■ Exercise brief ■
Using the data below, return word for word every line from the one holding "Binary-Output RS Decoder/2 -> Terminator/1" down to the one holding "Atomic Subsystem1 : Subsystem". Leave pictures out.

§

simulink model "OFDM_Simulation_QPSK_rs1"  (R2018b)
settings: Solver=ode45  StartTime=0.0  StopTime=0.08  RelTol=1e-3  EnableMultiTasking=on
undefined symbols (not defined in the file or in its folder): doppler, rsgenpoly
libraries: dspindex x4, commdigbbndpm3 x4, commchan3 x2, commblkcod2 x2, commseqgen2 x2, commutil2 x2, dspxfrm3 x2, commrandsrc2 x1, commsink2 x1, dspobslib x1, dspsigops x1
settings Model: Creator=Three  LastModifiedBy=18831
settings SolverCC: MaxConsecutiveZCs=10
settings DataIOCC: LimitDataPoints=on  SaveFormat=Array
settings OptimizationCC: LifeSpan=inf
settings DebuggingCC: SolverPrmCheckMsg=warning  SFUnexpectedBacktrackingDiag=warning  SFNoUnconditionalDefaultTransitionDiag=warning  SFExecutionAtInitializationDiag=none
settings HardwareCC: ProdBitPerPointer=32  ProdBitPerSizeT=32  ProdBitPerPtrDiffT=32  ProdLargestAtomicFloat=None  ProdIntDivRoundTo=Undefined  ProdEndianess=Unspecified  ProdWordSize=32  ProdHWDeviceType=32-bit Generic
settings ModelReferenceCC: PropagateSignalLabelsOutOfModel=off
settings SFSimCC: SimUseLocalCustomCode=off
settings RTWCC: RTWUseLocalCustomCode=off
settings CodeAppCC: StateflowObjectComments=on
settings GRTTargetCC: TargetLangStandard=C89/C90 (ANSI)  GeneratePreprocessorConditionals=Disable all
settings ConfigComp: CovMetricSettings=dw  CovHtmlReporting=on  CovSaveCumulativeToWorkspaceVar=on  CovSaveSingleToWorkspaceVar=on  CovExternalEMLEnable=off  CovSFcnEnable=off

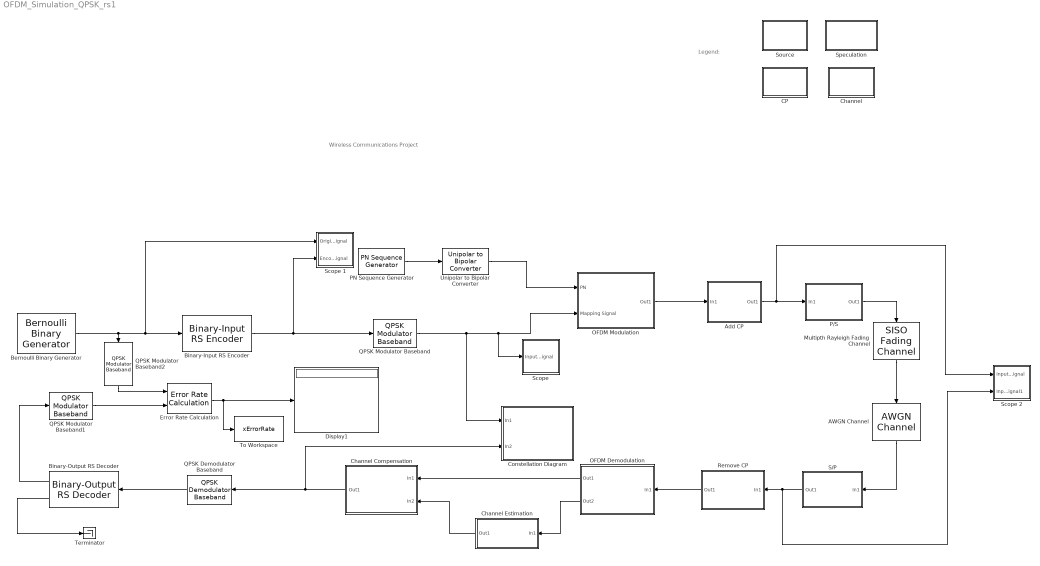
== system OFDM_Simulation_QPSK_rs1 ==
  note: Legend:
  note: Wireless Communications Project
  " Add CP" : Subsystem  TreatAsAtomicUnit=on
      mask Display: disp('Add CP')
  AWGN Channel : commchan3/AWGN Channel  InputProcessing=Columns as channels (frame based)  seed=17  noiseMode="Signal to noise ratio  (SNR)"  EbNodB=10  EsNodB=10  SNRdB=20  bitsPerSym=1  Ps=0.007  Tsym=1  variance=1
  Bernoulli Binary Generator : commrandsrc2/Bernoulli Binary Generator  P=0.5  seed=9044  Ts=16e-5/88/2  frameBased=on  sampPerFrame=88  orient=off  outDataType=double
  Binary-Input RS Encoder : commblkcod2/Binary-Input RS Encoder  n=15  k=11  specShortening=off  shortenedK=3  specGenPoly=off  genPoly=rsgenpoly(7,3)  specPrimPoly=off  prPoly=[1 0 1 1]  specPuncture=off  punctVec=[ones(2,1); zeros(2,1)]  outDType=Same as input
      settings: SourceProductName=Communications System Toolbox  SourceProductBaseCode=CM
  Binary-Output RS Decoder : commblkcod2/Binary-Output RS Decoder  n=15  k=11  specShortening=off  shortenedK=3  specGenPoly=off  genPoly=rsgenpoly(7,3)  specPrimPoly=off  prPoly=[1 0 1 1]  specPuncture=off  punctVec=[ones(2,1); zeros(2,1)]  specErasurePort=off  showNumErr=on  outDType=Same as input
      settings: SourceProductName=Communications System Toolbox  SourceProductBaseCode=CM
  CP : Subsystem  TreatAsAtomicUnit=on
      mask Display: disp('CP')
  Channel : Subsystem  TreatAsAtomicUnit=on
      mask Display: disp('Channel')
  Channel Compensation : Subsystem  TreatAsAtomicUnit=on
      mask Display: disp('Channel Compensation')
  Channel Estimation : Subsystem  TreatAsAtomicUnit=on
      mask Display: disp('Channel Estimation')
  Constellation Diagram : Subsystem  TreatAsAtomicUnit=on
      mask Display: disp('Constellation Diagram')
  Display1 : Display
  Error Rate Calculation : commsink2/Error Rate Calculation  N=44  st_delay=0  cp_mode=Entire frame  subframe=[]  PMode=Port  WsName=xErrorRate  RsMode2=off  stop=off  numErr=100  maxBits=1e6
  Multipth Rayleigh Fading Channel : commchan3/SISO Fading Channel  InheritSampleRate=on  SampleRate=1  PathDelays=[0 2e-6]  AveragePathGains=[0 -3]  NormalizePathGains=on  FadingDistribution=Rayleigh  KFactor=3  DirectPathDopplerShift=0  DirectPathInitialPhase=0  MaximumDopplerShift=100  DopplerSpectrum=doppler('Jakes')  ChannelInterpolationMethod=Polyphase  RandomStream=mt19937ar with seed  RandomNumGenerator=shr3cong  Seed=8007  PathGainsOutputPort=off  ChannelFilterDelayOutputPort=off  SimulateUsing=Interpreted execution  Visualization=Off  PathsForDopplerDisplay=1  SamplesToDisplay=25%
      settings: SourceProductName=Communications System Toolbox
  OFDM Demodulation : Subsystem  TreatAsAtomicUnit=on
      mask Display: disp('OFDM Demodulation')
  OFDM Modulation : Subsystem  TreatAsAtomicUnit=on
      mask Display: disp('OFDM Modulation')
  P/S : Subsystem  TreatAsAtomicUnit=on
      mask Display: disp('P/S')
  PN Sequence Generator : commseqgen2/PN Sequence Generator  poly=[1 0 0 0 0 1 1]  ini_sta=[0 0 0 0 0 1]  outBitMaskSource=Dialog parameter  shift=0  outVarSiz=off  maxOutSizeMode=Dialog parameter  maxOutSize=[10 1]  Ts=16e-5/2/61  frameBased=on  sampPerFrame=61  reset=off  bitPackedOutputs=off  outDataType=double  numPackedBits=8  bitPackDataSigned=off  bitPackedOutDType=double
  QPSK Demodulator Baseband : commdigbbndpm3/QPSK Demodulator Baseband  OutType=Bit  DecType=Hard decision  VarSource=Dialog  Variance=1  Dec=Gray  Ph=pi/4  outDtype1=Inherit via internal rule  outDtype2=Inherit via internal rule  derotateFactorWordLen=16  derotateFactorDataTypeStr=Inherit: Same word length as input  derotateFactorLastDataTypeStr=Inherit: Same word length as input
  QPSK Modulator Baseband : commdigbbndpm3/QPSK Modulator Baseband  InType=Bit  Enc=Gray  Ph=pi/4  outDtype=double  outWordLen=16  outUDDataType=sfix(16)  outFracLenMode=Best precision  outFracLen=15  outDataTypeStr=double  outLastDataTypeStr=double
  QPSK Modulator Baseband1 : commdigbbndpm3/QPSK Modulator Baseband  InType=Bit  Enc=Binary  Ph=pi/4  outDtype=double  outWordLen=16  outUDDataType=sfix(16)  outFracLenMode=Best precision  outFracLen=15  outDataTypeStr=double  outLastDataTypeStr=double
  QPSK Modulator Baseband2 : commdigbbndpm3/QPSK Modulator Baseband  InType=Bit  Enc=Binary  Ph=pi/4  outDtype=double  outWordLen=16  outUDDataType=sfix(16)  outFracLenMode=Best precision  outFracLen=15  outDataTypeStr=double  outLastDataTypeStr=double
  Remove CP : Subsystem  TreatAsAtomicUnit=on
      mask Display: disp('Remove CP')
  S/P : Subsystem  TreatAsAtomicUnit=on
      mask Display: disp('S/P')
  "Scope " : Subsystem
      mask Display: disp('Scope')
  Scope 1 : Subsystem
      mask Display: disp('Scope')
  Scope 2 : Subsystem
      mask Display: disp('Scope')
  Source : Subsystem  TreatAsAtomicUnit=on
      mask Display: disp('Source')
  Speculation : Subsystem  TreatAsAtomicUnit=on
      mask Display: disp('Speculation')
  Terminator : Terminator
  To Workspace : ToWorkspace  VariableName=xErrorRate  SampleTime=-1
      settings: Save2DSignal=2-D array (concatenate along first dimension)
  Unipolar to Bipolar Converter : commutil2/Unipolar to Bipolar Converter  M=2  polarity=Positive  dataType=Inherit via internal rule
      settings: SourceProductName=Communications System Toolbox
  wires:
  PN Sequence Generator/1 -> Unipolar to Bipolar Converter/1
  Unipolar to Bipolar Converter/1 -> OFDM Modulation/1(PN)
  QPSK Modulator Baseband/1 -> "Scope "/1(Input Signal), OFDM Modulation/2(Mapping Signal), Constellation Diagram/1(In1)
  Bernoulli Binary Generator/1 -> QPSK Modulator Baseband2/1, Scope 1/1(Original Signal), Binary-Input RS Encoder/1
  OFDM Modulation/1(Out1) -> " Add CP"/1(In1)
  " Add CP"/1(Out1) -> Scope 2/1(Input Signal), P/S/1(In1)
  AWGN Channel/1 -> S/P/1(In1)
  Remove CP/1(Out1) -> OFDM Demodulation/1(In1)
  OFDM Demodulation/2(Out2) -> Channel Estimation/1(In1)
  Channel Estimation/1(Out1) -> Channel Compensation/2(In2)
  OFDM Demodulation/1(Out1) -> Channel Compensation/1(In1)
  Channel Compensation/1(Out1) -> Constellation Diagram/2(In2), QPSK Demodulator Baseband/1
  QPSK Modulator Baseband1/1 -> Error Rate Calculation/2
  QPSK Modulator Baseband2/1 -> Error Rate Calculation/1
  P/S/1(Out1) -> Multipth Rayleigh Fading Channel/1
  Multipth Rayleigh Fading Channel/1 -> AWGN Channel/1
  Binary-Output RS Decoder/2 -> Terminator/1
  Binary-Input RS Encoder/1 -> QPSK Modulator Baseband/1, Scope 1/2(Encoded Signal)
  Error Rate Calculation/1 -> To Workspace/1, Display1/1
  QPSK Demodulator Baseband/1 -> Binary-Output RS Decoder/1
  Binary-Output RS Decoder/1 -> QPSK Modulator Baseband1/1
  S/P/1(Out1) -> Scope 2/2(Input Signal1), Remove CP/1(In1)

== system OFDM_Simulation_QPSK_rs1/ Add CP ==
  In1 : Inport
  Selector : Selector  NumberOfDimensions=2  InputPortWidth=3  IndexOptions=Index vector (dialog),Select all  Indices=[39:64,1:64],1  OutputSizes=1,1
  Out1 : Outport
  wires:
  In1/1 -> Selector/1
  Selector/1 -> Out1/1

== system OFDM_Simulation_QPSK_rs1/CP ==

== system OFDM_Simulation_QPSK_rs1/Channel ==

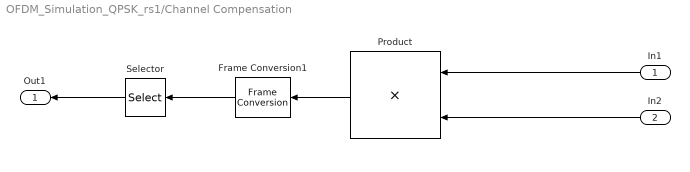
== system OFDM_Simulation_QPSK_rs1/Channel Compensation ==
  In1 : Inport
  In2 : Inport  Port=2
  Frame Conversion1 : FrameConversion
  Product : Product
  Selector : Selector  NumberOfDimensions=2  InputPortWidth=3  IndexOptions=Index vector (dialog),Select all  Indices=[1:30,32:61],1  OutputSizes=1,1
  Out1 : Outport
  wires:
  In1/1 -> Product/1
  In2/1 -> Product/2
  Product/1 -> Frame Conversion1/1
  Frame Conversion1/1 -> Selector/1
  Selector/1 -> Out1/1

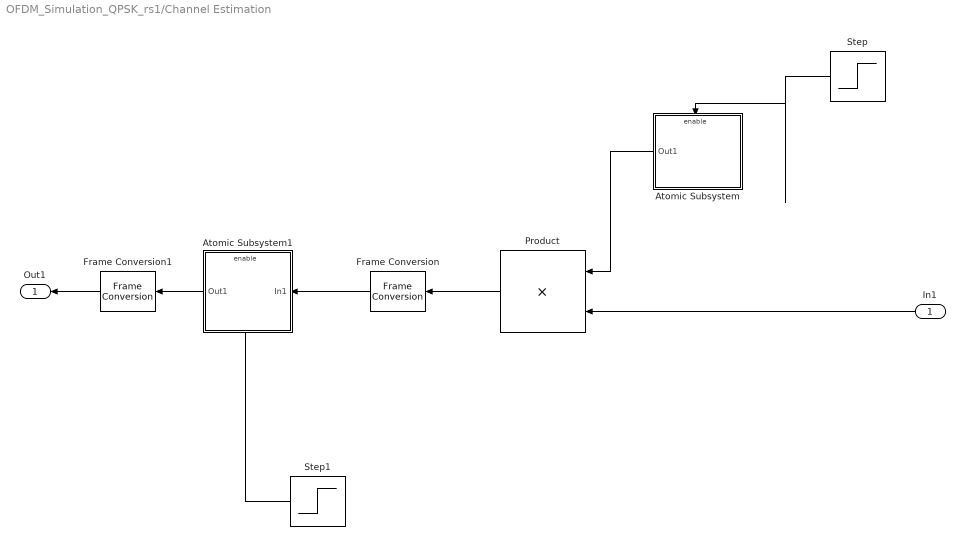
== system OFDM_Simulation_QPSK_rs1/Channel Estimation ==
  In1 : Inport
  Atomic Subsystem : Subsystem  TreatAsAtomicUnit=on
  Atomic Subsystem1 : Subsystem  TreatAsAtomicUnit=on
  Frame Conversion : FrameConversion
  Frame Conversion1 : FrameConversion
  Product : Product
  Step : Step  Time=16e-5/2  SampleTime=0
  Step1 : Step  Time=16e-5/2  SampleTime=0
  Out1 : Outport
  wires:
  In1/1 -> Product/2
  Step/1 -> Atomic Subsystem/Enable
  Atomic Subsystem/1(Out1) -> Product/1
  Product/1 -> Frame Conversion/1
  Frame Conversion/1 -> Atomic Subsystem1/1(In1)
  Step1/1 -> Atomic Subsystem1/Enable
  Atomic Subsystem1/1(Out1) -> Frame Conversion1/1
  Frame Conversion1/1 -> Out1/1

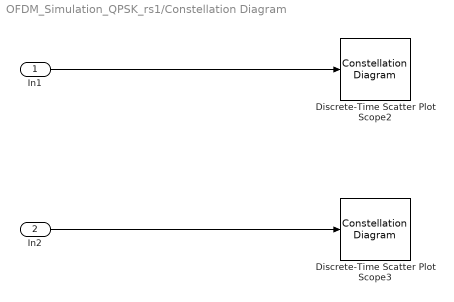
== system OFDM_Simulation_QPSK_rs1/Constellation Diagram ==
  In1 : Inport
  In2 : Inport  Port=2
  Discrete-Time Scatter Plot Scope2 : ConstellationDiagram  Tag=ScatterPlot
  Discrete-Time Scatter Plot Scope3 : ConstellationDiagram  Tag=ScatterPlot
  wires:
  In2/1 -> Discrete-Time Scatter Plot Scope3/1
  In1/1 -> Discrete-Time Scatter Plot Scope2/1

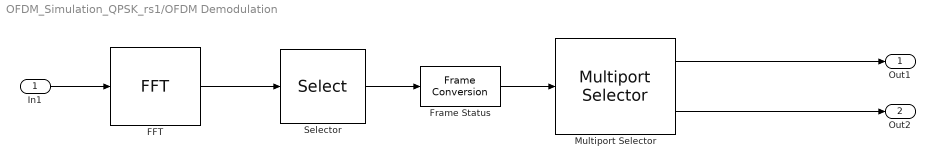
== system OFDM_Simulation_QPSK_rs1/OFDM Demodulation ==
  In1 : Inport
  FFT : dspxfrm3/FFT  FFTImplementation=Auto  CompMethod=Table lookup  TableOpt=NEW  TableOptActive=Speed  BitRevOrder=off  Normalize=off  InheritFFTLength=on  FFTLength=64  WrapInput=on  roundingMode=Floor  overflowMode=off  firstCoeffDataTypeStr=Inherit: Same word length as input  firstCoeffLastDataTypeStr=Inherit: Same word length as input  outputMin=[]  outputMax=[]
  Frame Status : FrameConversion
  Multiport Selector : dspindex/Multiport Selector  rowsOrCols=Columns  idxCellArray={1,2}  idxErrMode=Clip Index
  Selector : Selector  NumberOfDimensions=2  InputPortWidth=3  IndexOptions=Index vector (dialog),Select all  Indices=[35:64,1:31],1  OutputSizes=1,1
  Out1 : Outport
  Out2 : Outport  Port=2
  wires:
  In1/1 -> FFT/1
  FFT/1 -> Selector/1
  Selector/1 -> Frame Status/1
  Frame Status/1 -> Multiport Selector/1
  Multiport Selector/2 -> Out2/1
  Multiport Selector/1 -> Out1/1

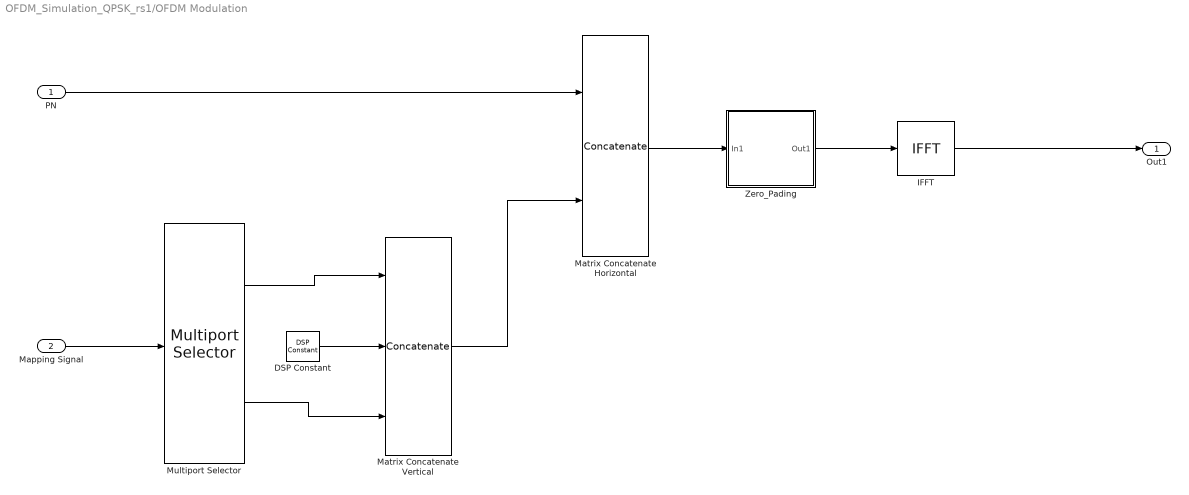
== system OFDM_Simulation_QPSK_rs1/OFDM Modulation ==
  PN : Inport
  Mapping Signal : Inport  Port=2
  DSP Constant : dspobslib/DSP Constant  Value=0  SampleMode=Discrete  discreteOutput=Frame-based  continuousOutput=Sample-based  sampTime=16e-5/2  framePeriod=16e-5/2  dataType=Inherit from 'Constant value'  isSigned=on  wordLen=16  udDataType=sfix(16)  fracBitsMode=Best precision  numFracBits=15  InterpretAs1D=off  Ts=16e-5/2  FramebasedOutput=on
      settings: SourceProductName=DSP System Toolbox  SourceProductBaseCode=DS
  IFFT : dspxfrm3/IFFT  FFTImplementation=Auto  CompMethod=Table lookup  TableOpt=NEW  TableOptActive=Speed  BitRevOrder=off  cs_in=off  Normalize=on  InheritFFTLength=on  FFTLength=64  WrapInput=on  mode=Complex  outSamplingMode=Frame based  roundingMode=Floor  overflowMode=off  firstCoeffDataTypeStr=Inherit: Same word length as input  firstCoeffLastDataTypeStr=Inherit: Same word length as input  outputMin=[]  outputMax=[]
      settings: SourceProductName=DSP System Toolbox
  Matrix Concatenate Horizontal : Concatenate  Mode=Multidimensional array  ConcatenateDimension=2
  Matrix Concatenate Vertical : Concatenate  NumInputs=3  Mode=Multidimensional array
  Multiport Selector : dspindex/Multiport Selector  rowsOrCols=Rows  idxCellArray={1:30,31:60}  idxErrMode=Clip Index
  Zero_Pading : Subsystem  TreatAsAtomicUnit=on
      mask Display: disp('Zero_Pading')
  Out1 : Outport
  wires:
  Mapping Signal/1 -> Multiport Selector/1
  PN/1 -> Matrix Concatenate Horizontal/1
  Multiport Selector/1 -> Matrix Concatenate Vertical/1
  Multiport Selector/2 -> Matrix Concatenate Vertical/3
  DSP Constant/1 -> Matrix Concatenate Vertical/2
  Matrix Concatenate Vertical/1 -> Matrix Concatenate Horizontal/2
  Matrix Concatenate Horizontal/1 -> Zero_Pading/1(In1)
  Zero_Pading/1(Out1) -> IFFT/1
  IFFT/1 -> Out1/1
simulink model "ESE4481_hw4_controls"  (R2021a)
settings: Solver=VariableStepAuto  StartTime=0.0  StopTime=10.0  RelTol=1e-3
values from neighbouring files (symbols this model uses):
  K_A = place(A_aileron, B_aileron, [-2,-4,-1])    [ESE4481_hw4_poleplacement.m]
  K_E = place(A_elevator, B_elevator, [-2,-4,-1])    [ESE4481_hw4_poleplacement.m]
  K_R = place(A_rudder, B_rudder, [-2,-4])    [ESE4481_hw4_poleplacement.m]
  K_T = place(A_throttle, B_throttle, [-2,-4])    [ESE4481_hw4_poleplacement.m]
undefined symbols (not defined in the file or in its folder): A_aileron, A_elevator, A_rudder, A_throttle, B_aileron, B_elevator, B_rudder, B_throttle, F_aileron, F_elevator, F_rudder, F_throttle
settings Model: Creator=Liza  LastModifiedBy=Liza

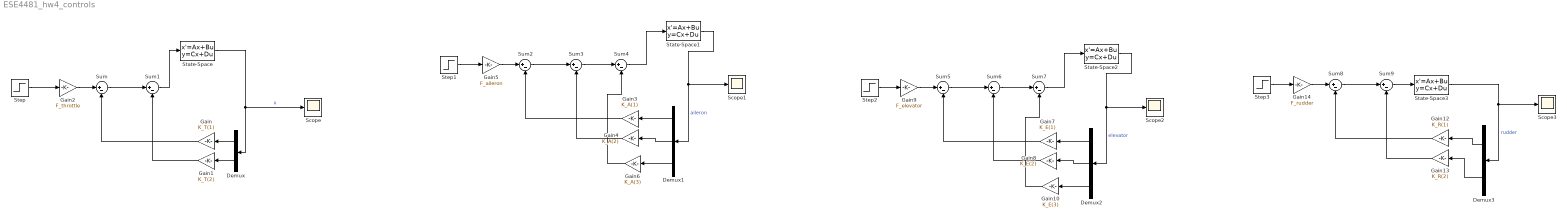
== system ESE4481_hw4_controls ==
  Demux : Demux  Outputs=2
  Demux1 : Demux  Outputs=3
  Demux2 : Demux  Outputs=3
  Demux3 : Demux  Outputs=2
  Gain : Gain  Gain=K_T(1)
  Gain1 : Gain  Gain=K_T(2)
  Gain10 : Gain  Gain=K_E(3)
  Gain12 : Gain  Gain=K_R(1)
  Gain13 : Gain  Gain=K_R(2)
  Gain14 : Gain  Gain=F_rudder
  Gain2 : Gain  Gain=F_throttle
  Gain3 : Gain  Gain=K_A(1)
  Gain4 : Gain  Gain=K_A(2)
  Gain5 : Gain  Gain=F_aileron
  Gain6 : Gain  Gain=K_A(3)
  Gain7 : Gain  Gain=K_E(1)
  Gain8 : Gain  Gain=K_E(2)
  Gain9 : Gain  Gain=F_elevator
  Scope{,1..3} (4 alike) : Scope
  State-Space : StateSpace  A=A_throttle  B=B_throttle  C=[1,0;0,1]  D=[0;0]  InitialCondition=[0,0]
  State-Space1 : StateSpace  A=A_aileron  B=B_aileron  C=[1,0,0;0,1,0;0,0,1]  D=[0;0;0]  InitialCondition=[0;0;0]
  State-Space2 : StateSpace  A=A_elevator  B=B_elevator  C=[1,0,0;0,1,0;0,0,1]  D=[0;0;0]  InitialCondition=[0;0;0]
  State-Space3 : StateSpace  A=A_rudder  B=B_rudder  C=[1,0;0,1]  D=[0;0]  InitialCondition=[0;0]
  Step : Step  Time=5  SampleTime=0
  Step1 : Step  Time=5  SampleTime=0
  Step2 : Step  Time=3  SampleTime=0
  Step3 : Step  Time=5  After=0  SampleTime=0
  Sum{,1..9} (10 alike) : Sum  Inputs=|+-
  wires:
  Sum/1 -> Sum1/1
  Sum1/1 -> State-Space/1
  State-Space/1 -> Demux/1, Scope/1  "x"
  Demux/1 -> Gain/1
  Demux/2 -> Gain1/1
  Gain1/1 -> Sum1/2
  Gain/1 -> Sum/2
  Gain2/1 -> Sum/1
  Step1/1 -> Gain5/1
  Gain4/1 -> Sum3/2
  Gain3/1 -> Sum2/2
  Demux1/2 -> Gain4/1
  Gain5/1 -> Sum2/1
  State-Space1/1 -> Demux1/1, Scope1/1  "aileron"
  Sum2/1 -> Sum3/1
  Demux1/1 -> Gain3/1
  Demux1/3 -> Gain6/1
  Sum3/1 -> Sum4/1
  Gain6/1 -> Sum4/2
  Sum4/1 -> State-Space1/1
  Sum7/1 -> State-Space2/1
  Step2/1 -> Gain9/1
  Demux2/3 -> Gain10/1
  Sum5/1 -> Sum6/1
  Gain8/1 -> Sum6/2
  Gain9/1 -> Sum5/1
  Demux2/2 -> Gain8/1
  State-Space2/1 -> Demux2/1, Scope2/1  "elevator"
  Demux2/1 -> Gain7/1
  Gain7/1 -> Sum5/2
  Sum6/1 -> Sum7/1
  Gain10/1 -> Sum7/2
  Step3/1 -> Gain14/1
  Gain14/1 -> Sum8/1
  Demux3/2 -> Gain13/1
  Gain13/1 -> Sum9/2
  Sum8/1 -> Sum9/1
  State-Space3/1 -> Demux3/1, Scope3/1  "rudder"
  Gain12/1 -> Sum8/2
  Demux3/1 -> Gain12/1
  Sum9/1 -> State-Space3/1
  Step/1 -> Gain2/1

§

■ Answer for this exercise ■
  Binary-Output RS Decoder/2 -> Terminator/1
  Binary-Input RS Encoder/1 -> QPSK Modulator Baseband/1, Scope 1/2(Encoded Signal)
  Error Rate Calculation/1 -> To Workspace/1, Display1/1
  QPSK Demodulator Baseband/1 -> Binary-Output RS Decoder/1
  Binary-Output RS Decoder/1 -> QPSK Modulator Baseband1/1
  S/P/1(Out1) -> Scope 2/2(Input Signal1), Remove CP/1(In1)

== system OFDM_Simulation_QPSK_rs1/ Add CP ==
  In1 : Inport
  Selector : Selector  NumberOfDimensions=2  InputPortWidth=3  IndexOptions=Index vector (dialog),Select all  Indices=[39:64,1:64],1  OutputSizes=1,1
  Out1 : Outport
  wires:
  In1/1 -> Selector/1
  Selector/1 -> Out1/1

== system OFDM_Simulation_QPSK_rs1/CP ==

== system OFDM_Simulation_QPSK_rs1/Channel ==

== system OFDM_Simulation_QPSK_rs1/Channel Compensation ==
  In1 : Inport
  In2 : Inport  Port=2
  Frame Conversion1 : FrameConversion
  Product : Product
  Selector : Selector  NumberOfDimensions=2  InputPortWidth=3  IndexOptions=Index vector (dialog),Select all  Indices=[1:30,32:61],1  OutputSizes=1,1
  Out1 : Outport
  wires:
  In1/1 -> Product/1
  In2/1 -> Product/2
  Product/1 -> Frame Conversion1/1
  Frame Conversion1/1 -> Selector/1
  Selector/1 -> Out1/1

== system OFDM_Simulation_QPSK_rs1/Channel Estimation ==
  In1 : Inport
  Atomic Subsystem : Subsystem  TreatAsAtomicUnit=on
  Atomic Subsystem1 : Subsystem  TreatAsAtomicUnit=on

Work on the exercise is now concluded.